What you are asked to do: Return verbatim all lines from the first one in the records to the line with "undefined symbols (not", both ends kept.

(Available data)

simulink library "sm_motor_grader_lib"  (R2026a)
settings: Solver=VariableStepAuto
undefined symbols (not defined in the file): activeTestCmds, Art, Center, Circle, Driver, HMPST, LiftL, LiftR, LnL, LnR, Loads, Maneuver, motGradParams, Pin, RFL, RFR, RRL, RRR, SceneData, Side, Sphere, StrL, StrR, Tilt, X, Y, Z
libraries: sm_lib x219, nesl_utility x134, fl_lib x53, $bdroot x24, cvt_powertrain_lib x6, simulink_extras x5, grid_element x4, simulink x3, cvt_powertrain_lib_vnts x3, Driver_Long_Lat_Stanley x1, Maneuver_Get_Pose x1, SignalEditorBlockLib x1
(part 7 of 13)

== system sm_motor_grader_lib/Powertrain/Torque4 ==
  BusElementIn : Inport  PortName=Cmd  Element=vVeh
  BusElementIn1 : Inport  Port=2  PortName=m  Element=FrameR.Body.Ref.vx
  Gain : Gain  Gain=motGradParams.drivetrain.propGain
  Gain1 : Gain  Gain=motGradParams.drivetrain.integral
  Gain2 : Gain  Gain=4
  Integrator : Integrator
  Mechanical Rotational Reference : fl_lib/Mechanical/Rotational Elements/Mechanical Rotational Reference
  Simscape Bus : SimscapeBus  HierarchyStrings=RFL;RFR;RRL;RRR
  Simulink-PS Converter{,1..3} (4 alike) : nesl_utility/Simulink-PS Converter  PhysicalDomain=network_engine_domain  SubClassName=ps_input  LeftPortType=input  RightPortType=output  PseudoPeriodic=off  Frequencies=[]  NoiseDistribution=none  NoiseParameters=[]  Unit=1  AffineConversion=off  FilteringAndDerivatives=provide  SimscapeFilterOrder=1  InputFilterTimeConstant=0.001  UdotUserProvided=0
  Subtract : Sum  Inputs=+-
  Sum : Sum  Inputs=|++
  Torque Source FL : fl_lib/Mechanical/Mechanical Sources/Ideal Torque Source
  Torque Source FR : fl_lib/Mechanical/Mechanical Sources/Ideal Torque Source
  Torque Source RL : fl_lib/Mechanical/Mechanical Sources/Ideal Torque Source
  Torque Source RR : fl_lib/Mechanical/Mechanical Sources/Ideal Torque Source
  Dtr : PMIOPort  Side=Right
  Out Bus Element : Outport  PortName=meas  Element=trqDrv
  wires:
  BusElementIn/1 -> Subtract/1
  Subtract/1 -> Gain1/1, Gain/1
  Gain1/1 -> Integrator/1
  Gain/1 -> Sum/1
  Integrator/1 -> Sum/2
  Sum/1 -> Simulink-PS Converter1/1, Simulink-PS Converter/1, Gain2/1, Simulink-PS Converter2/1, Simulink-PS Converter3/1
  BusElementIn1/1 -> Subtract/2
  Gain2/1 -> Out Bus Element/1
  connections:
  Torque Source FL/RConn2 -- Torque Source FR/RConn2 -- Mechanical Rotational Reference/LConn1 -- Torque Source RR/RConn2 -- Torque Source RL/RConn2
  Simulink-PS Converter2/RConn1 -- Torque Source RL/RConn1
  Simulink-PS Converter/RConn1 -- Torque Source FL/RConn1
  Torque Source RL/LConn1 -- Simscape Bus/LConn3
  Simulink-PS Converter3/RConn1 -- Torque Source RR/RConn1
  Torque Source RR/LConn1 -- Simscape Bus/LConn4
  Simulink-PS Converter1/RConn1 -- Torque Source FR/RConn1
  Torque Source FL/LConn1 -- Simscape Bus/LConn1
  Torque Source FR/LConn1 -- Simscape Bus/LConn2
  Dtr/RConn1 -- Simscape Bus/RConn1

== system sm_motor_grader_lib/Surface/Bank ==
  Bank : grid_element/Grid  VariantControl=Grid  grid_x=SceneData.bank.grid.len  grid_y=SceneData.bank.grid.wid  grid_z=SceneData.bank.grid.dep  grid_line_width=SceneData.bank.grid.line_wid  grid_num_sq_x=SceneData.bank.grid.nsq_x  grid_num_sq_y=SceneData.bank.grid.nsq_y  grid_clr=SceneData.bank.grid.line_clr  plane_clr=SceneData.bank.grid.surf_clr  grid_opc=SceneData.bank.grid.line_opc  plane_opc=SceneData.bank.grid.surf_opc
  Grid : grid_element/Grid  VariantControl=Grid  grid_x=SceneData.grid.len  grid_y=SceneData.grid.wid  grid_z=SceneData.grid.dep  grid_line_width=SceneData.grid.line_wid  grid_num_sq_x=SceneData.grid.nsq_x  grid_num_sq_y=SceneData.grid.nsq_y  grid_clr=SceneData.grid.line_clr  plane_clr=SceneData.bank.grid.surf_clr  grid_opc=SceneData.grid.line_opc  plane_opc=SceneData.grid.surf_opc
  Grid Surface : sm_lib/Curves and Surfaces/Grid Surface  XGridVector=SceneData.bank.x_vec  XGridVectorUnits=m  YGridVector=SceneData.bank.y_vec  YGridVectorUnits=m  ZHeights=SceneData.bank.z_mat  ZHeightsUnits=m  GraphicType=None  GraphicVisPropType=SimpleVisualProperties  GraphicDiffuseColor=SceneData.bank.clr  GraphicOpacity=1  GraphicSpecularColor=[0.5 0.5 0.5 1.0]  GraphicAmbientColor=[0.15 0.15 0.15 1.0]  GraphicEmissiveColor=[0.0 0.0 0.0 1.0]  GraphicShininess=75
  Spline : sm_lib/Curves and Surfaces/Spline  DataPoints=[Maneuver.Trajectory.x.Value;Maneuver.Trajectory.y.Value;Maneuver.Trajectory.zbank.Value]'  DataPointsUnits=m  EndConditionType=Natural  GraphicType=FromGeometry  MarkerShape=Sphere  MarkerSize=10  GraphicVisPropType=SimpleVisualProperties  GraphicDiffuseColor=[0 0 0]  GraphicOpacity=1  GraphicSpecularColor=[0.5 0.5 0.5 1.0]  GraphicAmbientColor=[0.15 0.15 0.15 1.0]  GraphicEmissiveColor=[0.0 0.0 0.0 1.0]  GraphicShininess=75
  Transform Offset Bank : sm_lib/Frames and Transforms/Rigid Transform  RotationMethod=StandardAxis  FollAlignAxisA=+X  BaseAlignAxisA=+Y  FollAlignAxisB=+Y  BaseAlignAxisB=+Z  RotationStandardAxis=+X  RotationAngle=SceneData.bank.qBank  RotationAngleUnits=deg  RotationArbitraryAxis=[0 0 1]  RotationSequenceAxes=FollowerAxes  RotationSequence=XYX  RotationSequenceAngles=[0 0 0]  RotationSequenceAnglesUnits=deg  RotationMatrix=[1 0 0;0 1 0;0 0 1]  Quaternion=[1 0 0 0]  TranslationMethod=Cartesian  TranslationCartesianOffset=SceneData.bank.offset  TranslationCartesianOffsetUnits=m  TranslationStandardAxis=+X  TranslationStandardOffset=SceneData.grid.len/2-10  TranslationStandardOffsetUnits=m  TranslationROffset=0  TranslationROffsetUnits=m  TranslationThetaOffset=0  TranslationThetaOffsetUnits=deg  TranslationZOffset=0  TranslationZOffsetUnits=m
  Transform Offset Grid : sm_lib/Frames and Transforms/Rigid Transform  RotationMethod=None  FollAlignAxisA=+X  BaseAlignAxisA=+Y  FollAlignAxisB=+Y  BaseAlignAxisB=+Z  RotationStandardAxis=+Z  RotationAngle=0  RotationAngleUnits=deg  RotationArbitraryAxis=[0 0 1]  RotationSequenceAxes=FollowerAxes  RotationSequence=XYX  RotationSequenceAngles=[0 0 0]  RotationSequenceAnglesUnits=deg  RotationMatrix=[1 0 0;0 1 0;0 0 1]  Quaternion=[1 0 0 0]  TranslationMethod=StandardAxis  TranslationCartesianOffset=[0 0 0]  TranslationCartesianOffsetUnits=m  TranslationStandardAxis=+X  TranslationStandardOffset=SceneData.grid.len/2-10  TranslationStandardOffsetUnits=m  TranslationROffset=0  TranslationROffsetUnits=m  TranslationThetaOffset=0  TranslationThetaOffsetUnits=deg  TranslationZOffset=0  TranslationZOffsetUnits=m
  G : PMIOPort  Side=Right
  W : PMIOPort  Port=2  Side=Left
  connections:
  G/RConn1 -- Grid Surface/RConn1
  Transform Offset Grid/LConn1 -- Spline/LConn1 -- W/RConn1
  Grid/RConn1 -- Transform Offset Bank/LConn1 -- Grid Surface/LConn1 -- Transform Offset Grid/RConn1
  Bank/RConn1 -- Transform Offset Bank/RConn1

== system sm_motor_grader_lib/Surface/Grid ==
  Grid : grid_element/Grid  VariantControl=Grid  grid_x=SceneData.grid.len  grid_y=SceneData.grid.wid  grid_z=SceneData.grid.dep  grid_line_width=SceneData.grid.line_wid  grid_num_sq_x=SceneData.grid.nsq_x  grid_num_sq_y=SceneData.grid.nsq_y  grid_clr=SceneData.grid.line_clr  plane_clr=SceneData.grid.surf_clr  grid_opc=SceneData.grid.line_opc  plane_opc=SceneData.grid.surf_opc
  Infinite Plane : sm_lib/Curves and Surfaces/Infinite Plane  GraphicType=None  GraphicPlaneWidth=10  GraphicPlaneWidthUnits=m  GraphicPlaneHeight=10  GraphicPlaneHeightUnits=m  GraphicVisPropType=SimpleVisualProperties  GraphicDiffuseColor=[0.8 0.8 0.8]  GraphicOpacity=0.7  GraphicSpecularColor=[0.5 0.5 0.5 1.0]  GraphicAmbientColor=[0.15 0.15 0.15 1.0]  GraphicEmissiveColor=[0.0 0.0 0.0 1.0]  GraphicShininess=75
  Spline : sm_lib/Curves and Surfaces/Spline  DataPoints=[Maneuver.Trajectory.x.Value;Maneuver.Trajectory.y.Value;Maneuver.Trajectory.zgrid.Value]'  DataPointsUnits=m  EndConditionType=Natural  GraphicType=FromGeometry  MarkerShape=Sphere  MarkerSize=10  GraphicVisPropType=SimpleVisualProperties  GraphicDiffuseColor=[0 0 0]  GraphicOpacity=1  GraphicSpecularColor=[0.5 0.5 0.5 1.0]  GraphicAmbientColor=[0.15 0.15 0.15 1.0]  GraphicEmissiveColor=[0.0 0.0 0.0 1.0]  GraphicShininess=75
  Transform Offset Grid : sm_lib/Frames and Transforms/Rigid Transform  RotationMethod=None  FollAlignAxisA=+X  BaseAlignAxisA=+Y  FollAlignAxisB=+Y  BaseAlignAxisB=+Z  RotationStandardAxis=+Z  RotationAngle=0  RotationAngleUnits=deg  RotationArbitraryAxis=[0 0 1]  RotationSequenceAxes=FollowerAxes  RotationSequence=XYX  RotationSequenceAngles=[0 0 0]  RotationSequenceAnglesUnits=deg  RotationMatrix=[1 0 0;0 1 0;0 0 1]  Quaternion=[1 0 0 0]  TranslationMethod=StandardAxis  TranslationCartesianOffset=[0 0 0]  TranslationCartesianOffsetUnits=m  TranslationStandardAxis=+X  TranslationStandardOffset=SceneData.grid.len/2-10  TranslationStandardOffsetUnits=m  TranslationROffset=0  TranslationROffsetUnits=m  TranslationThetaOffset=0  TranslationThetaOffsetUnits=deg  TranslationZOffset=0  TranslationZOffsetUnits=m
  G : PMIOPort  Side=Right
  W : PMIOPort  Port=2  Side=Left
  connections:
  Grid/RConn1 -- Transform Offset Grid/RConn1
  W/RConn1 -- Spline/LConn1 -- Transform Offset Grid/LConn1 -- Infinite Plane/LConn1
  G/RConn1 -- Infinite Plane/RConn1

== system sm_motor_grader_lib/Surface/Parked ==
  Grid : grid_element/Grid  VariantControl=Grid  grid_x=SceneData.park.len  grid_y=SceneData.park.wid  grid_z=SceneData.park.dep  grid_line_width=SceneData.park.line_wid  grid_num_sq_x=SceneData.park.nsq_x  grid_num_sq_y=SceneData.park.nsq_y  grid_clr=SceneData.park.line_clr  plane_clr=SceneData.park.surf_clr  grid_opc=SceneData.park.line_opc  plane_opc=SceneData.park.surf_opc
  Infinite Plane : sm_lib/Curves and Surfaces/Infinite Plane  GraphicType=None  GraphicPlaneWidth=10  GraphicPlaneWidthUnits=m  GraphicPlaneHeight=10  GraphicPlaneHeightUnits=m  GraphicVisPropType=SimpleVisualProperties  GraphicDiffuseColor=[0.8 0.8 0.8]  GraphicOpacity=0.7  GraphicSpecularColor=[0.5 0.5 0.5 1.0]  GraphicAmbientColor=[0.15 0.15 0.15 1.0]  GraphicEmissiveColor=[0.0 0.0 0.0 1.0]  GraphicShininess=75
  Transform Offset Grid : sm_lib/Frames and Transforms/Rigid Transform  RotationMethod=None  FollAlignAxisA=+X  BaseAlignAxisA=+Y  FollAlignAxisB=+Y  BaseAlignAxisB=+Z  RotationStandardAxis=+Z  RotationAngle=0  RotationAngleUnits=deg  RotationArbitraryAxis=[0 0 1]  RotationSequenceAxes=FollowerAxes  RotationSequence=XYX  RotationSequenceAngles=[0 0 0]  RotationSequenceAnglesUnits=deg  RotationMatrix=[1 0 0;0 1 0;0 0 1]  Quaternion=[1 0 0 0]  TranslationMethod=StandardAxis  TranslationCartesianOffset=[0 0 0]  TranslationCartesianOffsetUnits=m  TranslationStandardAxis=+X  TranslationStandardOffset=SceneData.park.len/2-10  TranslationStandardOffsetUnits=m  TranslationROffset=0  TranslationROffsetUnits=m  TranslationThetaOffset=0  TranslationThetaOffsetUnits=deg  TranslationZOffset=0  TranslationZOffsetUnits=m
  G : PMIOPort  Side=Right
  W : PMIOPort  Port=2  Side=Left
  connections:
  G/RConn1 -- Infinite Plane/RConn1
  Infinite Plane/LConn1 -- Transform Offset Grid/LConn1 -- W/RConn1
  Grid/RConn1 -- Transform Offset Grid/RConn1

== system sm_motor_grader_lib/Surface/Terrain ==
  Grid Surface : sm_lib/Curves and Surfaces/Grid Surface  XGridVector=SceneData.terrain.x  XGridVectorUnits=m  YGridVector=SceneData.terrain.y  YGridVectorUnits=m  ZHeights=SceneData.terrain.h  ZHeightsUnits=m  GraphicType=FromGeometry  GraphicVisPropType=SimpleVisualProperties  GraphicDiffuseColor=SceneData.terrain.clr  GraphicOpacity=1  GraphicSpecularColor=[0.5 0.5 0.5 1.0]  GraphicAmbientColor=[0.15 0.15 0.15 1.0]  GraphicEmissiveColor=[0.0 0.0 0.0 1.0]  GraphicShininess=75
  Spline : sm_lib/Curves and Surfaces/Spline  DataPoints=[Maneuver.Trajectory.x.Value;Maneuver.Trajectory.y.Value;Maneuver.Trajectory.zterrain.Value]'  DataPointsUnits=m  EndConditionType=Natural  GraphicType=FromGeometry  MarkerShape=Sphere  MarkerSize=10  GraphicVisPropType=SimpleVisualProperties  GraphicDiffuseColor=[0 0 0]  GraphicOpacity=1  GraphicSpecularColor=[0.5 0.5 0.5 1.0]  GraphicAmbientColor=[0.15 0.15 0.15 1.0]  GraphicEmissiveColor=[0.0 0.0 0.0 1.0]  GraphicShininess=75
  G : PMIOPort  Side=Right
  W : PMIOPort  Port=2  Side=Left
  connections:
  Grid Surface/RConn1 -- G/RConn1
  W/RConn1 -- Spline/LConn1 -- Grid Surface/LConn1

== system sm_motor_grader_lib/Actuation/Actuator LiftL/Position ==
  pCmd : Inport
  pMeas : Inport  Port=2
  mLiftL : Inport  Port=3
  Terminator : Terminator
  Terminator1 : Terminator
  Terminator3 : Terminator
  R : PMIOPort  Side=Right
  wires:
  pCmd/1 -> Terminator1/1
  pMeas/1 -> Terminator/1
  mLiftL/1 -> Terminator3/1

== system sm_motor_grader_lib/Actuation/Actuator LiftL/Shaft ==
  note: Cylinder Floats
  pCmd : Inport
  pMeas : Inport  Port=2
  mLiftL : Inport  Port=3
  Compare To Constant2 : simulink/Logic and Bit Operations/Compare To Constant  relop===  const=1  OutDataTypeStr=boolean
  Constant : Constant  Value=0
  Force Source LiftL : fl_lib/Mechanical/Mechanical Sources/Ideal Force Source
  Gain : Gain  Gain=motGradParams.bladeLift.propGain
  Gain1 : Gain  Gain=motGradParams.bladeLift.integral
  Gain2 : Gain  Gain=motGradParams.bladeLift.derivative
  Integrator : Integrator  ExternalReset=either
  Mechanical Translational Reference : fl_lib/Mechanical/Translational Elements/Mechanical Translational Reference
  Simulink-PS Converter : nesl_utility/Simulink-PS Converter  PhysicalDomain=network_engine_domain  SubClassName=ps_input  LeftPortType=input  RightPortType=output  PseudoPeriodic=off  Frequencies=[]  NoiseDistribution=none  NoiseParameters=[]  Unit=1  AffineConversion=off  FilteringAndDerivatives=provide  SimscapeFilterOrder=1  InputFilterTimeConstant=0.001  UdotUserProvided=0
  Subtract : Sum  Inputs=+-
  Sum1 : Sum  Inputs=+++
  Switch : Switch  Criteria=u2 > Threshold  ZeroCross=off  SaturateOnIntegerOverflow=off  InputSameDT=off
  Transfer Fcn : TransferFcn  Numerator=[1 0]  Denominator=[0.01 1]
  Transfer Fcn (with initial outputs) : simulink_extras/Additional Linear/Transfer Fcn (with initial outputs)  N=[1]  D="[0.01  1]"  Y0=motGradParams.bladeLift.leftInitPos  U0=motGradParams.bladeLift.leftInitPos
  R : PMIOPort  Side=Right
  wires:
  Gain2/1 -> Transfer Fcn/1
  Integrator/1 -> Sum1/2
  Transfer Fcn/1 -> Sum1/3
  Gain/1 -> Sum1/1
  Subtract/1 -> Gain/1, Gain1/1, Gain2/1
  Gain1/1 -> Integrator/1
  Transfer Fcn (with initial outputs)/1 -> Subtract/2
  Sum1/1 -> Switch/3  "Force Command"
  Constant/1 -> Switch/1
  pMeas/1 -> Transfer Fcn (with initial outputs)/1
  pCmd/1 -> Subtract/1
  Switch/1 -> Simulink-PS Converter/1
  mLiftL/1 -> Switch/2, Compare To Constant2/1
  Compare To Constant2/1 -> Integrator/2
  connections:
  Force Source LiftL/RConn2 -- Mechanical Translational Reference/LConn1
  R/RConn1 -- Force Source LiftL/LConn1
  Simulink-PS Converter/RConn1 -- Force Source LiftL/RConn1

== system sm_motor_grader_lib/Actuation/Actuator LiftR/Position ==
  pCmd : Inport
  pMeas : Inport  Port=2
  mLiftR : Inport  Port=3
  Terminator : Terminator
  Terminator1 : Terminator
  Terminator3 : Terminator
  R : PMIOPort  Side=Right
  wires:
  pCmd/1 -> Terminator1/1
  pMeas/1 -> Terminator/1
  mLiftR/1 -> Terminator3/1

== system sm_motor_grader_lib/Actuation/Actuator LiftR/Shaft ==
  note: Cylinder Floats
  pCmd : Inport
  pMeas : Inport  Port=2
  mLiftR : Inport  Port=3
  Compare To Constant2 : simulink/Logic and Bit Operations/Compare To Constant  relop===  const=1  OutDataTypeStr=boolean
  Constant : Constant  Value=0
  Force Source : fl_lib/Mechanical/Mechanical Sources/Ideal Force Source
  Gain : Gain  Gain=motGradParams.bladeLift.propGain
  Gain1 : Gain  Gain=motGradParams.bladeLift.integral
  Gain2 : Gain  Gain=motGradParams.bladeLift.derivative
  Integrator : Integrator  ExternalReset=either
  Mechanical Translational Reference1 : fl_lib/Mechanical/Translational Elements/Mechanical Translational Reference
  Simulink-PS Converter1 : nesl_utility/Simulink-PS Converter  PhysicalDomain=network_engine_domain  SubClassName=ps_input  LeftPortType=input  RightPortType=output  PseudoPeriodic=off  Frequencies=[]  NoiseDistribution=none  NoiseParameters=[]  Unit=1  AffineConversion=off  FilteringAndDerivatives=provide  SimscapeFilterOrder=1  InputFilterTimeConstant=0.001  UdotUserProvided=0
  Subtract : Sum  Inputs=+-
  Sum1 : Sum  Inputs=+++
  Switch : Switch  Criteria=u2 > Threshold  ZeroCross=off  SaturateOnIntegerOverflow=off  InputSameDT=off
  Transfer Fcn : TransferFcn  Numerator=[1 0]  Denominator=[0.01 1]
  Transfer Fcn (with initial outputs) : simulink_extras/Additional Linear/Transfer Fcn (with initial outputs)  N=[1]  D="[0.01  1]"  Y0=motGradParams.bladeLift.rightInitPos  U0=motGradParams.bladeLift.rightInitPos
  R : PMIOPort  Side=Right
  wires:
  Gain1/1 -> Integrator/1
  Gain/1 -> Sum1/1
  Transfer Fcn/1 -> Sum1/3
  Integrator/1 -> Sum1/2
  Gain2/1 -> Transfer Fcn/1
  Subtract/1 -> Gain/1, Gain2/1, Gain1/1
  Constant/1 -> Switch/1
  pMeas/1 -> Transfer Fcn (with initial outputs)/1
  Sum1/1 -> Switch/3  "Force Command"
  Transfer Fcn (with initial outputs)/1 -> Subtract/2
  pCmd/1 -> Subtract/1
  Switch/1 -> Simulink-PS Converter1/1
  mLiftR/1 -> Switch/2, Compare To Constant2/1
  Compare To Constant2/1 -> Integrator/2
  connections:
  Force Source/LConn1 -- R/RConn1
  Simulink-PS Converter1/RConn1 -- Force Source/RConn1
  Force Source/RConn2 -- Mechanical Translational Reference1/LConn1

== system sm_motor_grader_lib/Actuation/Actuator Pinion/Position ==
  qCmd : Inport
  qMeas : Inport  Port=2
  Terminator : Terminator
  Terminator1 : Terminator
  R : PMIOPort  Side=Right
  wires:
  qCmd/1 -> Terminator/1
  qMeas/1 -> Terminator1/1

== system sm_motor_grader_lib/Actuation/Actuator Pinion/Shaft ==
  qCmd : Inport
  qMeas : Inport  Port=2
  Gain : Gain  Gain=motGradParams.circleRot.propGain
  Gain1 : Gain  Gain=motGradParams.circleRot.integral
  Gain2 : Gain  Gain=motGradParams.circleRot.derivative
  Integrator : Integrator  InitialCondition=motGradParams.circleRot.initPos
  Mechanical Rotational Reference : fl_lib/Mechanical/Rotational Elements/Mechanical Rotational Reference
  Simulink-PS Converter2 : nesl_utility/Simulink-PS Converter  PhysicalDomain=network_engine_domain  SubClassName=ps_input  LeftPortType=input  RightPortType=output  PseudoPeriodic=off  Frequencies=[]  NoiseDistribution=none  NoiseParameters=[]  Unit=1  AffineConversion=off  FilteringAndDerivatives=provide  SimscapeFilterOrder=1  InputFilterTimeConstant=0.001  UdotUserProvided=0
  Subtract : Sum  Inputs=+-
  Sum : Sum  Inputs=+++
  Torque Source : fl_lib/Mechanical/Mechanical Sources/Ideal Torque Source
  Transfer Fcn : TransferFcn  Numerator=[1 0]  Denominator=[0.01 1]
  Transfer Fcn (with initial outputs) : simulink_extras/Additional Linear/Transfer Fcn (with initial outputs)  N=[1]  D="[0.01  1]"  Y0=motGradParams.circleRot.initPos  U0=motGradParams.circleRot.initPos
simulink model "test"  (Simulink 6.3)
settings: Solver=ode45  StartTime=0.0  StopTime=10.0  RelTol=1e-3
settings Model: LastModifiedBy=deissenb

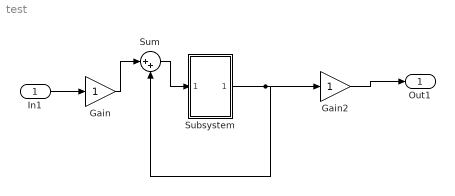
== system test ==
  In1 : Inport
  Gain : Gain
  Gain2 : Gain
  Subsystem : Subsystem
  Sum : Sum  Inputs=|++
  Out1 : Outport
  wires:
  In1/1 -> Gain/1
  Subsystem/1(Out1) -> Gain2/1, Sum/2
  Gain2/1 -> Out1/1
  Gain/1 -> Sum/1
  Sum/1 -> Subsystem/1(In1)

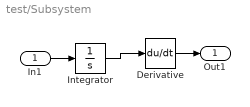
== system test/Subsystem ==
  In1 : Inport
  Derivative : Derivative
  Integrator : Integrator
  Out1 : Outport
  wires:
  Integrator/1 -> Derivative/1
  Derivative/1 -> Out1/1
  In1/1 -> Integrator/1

(End Available data)

Response area:
simulink library "sm_motor_grader_lib"  (R2026a)
settings: Solver=VariableStepAuto
undefined symbols (not defined in the file): activeTestCmds, Art, Center, Circle, Driver, HMPST, LiftL, LiftR, LnL, LnR, Loads, Maneuver, motGradParams, Pin, RFL, RFR, RRL, RRR, SceneData, Side, Sphere, StrL, StrR, Tilt, X, Y, Z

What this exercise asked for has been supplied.